▸ **EXERCISE DATA**:

· · ·

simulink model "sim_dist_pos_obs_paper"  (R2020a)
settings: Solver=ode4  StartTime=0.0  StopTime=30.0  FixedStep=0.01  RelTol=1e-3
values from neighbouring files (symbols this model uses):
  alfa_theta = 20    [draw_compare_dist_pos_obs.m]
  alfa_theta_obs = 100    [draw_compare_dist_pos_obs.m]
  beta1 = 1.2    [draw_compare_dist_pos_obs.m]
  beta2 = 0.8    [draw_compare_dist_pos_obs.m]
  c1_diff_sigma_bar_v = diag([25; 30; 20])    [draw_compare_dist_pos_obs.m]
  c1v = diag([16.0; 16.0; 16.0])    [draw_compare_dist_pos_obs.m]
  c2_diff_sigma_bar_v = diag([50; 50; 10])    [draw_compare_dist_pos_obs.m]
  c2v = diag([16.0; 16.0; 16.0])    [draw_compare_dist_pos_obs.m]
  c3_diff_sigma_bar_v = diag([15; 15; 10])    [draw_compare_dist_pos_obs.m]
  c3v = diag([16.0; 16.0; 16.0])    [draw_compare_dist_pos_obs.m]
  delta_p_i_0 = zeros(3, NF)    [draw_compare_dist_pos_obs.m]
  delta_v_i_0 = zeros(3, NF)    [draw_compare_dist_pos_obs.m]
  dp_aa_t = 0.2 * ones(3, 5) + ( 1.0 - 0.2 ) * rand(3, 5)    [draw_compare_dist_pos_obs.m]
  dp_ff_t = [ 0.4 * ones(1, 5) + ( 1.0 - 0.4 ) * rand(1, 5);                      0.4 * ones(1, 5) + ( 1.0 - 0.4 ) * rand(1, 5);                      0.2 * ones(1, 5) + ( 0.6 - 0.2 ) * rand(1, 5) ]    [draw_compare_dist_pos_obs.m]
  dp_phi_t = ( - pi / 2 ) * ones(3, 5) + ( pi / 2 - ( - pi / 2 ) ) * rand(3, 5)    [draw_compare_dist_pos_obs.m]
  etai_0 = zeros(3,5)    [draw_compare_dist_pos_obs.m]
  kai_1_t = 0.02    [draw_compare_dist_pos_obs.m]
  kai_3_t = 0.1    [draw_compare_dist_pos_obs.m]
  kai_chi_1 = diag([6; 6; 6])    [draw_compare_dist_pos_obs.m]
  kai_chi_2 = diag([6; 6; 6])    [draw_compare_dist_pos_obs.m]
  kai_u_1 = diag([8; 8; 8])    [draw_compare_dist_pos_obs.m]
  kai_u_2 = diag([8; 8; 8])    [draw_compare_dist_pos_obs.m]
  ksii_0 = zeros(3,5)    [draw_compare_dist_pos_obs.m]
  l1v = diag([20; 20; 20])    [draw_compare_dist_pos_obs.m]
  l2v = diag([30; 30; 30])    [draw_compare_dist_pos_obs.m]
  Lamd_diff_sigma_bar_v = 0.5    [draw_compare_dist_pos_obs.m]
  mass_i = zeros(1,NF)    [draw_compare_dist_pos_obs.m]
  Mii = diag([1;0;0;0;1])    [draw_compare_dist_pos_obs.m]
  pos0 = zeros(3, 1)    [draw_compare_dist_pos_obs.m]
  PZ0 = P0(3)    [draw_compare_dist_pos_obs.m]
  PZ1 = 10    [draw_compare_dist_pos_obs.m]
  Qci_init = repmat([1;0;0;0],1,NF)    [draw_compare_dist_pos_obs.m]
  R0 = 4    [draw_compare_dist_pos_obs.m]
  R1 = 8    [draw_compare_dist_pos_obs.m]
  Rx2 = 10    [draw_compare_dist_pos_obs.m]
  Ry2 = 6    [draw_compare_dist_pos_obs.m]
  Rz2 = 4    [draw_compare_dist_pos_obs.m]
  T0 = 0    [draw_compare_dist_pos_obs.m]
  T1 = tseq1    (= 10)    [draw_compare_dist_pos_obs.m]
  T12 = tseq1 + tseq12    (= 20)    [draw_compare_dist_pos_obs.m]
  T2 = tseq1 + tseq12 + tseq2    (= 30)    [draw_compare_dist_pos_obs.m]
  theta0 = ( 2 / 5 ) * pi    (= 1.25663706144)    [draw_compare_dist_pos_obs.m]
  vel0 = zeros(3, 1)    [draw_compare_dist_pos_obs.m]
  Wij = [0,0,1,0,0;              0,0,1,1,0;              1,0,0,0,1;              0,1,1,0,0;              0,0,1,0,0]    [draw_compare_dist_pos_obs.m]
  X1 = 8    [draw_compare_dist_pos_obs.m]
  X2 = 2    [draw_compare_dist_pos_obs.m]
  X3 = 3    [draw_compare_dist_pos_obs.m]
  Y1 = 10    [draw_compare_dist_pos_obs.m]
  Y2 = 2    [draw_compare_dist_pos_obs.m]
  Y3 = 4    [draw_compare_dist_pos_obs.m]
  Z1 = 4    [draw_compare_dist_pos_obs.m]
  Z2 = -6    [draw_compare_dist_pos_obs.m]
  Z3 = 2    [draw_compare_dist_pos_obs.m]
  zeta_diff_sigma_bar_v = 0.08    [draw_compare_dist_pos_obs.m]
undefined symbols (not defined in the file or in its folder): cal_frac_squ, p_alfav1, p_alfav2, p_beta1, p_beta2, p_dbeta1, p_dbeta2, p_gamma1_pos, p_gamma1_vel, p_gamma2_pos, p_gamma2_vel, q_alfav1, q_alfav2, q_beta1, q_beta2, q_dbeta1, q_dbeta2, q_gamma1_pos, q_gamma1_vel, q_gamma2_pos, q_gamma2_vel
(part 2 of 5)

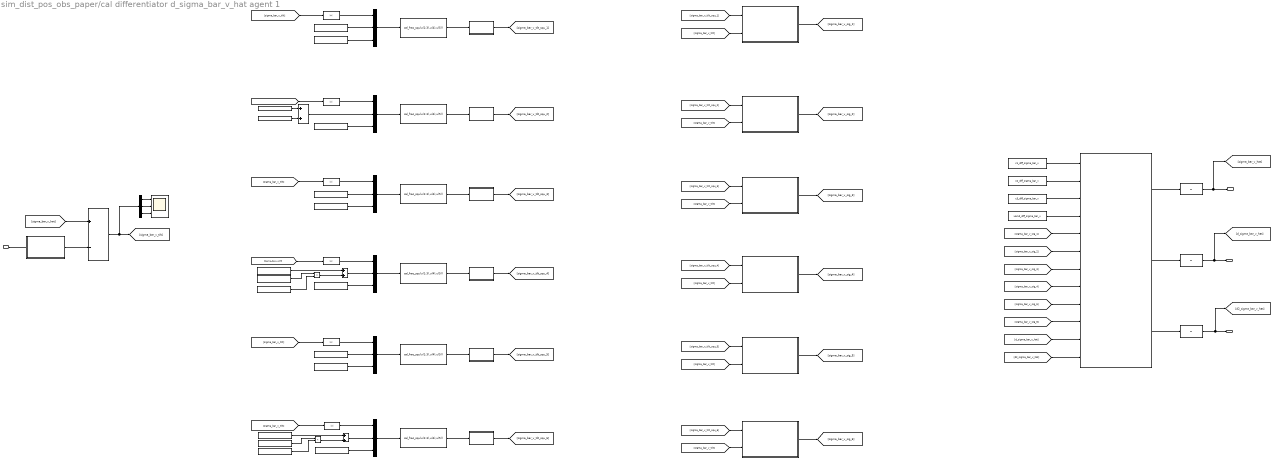
== system sim_dist_pos_obs_paper/cal differentiator d_sigma_bar_v_hat agent 1 ==
  x : Inport
  Abs{,1..5} (6 alike) : Abs
  Add : Sum
  Add1 : Sum
  Add2 : Sum
  Add3 : Sum  Inputs=+-
  Constant : Constant  Value=0
  Constant{97,100,105,107,109} (5 alike) : Constant
  Constant{98..99,101,108,110..111} (6 alike) : Constant  Value=3
  Constant102 : Constant  Value=2
  Constant103 : Constant  Value=c1_diff_sigma_bar_v
  Constant104 : Constant  Value=c2_diff_sigma_bar_v
  Constant106 : Constant  Value=c3_diff_sigma_bar_v
  Constant112 : Constant  Value=2
  Constant113 : Constant  Value=Lamd_diff_sigma_bar_v
  Constant161 : Constant  Value=zeta_diff_sigma_bar_v
  Constant162 : Constant  Value=zeta_diff_sigma_bar_v
  Constant163 : Constant  Value=zeta_diff_sigma_bar_v
  Demux2 : Demux  Outputs=3
  Integrator2 : Integrator  InitialCondition=zeros(3,1)
  Integrator3 : Integrator  InitialCondition=zeros(3,1)
  Integrator4 : Integrator  InitialCondition=zeros(3,1)
  Interpreted MATLAB Function{,20..24} (6 alike) : MATLABFcn  MATLABFcn=cal_frac_squ(u(1:3),u(4),u(5))
  Mux{19..24} (6 alike) : Mux  Inputs=3
  Product : Product
  Product1 : Product
  cal differentiator : MATLAB Function  TreatAsAtomicUnit=on
  cal sig : MATLAB Function  TreatAsAtomicUnit=on
  cal sig1 : MATLAB Function  TreatAsAtomicUnit=on
  cal sig2 : MATLAB Function  TreatAsAtomicUnit=on
  cal sig3 : MATLAB Function  TreatAsAtomicUnit=on
  cal sig4 : MATLAB Function  TreatAsAtomicUnit=on
  cal sig5 : MATLAB Function  TreatAsAtomicUnit=on
  choose sigma_bar_v : MATLAB Function  TreatAsAtomicUnit=on
  sigma_bar_v_tilt : Scope  NumInputPorts=3
  trans to column20 : MATLAB Function  TreatAsAtomicUnit=on
  trans to column21 : MATLAB Function  TreatAsAtomicUnit=on
  trans to column22 : MATLAB Function  TreatAsAtomicUnit=on
  trans to column23 : MATLAB Function  TreatAsAtomicUnit=on
  trans to column24 : MATLAB Function  TreatAsAtomicUnit=on
  trans to column25 : MATLAB Function  TreatAsAtomicUnit=on
  Out1 : Outport
  Out2 : Outport  Port=2
  Out3 : Outport  Port=3
  wires:
  Abs/1 -> Mux22/1
  [sigma_bar_v_tilt] -> cal sig/2(y)
  cal sig1/1(z) -> [sigma_bar_v_sig_2]
  [d2_sigma_bar_v_hat] -> cal differentiator/12(d2_sigma_bar_v_hat)
  trans to column23/1(y) -> [sigma_bar_v_tilt_squ_3]
  Add/1 -> Mux21/2
  Demux2/1 -> sigma_bar_v_tilt/1
  [sigma_bar_v_tilt] -> cal sig4/2(y)
  Product1/1 -> Add2/2
  Add2/1 -> Mux19/2
  [d_sigma_bar_v_hat] -> cal differentiator/11("d_sigma_bar_v_hat ")
  [sigma_bar_v_sig_3] -> cal differentiator/7(sigma_bar_v_sig_3)
  trans to column24/1(y) -> [sigma_bar_v_tilt_squ_4]
  Constant107/1 -> Mux21/3
  [sigma_bar_v_sig_5] -> cal differentiator/9(sigma_bar_v_sig_5)
  Constant97/1 -> Mux22/3
  cal sig/1(z) -> [sigma_bar_v_sig_1]
  trans to column22/1(y) -> [sigma_bar_v_tilt_squ_1]
  [sigma_bar_v_tilt_squ_3] -> cal sig2/1(x)
  [sigma_bar_v_tilt] -> Abs3/1
  Interpreted MATLAB Function24/1 -> trans to column25/1(x)
  [sigma_bar_v_sig_1] -> cal differentiator/5(sigma_bar_v_sig_1)
  cal differentiator/1(d_sigma_bar_v_hat) -> Integrator2/1
  Constant110/1 -> Mux24/3
  cal sig5/1(z) -> [sigma_bar_v_sig_5]
  [sigma_bar_v_tilt] -> Abs4/1
  Demux2/3 -> sigma_bar_v_tilt/3
  cal sig2/1(z) -> [sigma_bar_v_sig_3]
  Constant112/1 -> Product/1
  Constant/1 -> Mux22/2
  cal differentiator/3(d_d2sigma_bar_v_hat) -> Integrator4/1
  Abs3/1 -> Mux24/1
  trans to column21/1(y) -> [sigma_bar_v_tilt_squ_2]
  Constant99/1 -> Add2/1
  Constant103/1 -> cal differentiator/1(c1)
  Mux19/1 -> Interpreted MATLAB Function24/1
  [sigma_bar_v_tilt_squ_6] -> cal sig3/1(x)
  Constant106/1 -> cal differentiator/3(c3)
  [sigma_bar_v_tilt] -> Abs2/1
  [sigma_bar_v_tilt_squ_2] -> cal sig1/1(x)
  Constant162/1 -> Product/2
  Product/1 -> Add1/2
  [sigma_bar_v_sig_4] -> cal differentiator/8(sigma_bar_v_sig_4)
  [sigma_bar_v_hat] -> Add3/1
  Constant102/1 -> Mux20/2
  Add3/1 -> Demux2/1, [sigma_bar_v_tilt]
  cal differentiator/2(d_dsigma_bar_v_hat) -> Integrator3/1
  [sigma_bar_v_tilt] -> Abs5/1
  [sigma_bar_v_tilt] -> cal sig2/2(y)
  [sigma_bar_v_sig_6] -> cal differentiator/10(sigma_bar_v_sig_6)
  trans to column20/1(y) -> [sigma_bar_v_tilt_squ_5]
  Constant104/1 -> cal differentiator/2(c2)
  Constant101/1 -> Mux20/3
  Mux22/1 -> Interpreted MATLAB Function/1
  Constant163/1 -> Product1/2
  Abs2/1 -> Mux23/1
  Interpreted MATLAB Function21/1 -> trans to column21/1(x)
  Interpreted MATLAB Function23/1 -> trans to column24/1(x)
  Mux23/1 -> Interpreted MATLAB Function22/1
  cal sig3/1(z) -> [sigma_bar_v_sig_6]
  Abs4/1 -> Mux19/1
  trans to column25/1(y) -> [sigma_bar_v_tilt_squ_6]
  Constant113/1 -> cal differentiator/4(chi_t)
  choose sigma_bar_v/1(y) -> Add3/2
  Interpreted MATLAB Function/1 -> trans to column22/1(x)
  Interpreted MATLAB Function20/1 -> trans to column20/1(x)
  Constant108/1 -> Mux23/3
  [sigma_bar_v_sig_2] -> cal differentiator/6(sigma_bar_v_sig_2)
  [sigma_bar_v_tilt] -> cal sig1/2(y)
  [sigma_bar_v_tilt_squ_1] -> cal sig/1(x)
  Constant100/1 -> Product1/1
  Abs1/1 -> Mux21/1
  Demux2/2 -> sigma_bar_v_tilt/2
  Integrator4/1 -> [d2_sigma_bar_v_hat], Out3/1
  [sigma_bar_v_tilt_squ_4] -> cal sig4/1(x)
  Abs5/1 -> Mux20/1
  Constant98/1 -> Mux19/3
  Constant111/1 -> Add1/1
  [sigma_bar_v_tilt] -> cal sig5/2(y)
  Constant109/1 -> Mux23/2
  [sigma_bar_v_tilt] -> Abs/1
  Mux24/1 -> Interpreted MATLAB Function23/1
  [sigma_bar_v_tilt] -> Abs1/1
  [sigma_bar_v_tilt_squ_5] -> cal sig5/1(x)
  Add1/1 -> Mux24/2
  cal sig4/1(z) -> [sigma_bar_v_sig_4]
  Constant161/1 -> Add/2
  [sigma_bar_v_tilt] -> cal sig3/2(y)
  Mux21/1 -> Interpreted MATLAB Function21/1
  Interpreted MATLAB Function22/1 -> trans to column23/1(x)
  Mux20/1 -> Interpreted MATLAB Function20/1
  x/1 -> choose sigma_bar_v/1(x)
  Constant105/1 -> Add/1
  Integrator2/1 -> [sigma_bar_v_hat], Out1/1
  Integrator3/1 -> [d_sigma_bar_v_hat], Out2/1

· · ·

▸ **EXERCISE DETAILS**:
Search the listing above for the lines with "Constant103/1 -> cal differentiator/1(c1)" and "Constant102/1 -> Mux20/2", then output those lines and all lines between them exactly.

▸ **THE ANSWER**:
  Constant103/1 -> cal differentiator/1(c1)
  Mux19/1 -> Interpreted MATLAB Function24/1
  [sigma_bar_v_tilt_squ_6] -> cal sig3/1(x)
  Constant106/1 -> cal differentiator/3(c3)
  [sigma_bar_v_tilt] -> Abs2/1
  [sigma_bar_v_tilt_squ_2] -> cal sig1/1(x)
  Constant162/1 -> Product/2
  Product/1 -> Add1/2
  [sigma_bar_v_sig_4] -> cal differentiator/8(sigma_bar_v_sig_4)
  [sigma_bar_v_hat] -> Add3/1
  Constant102/1 -> Mux20/2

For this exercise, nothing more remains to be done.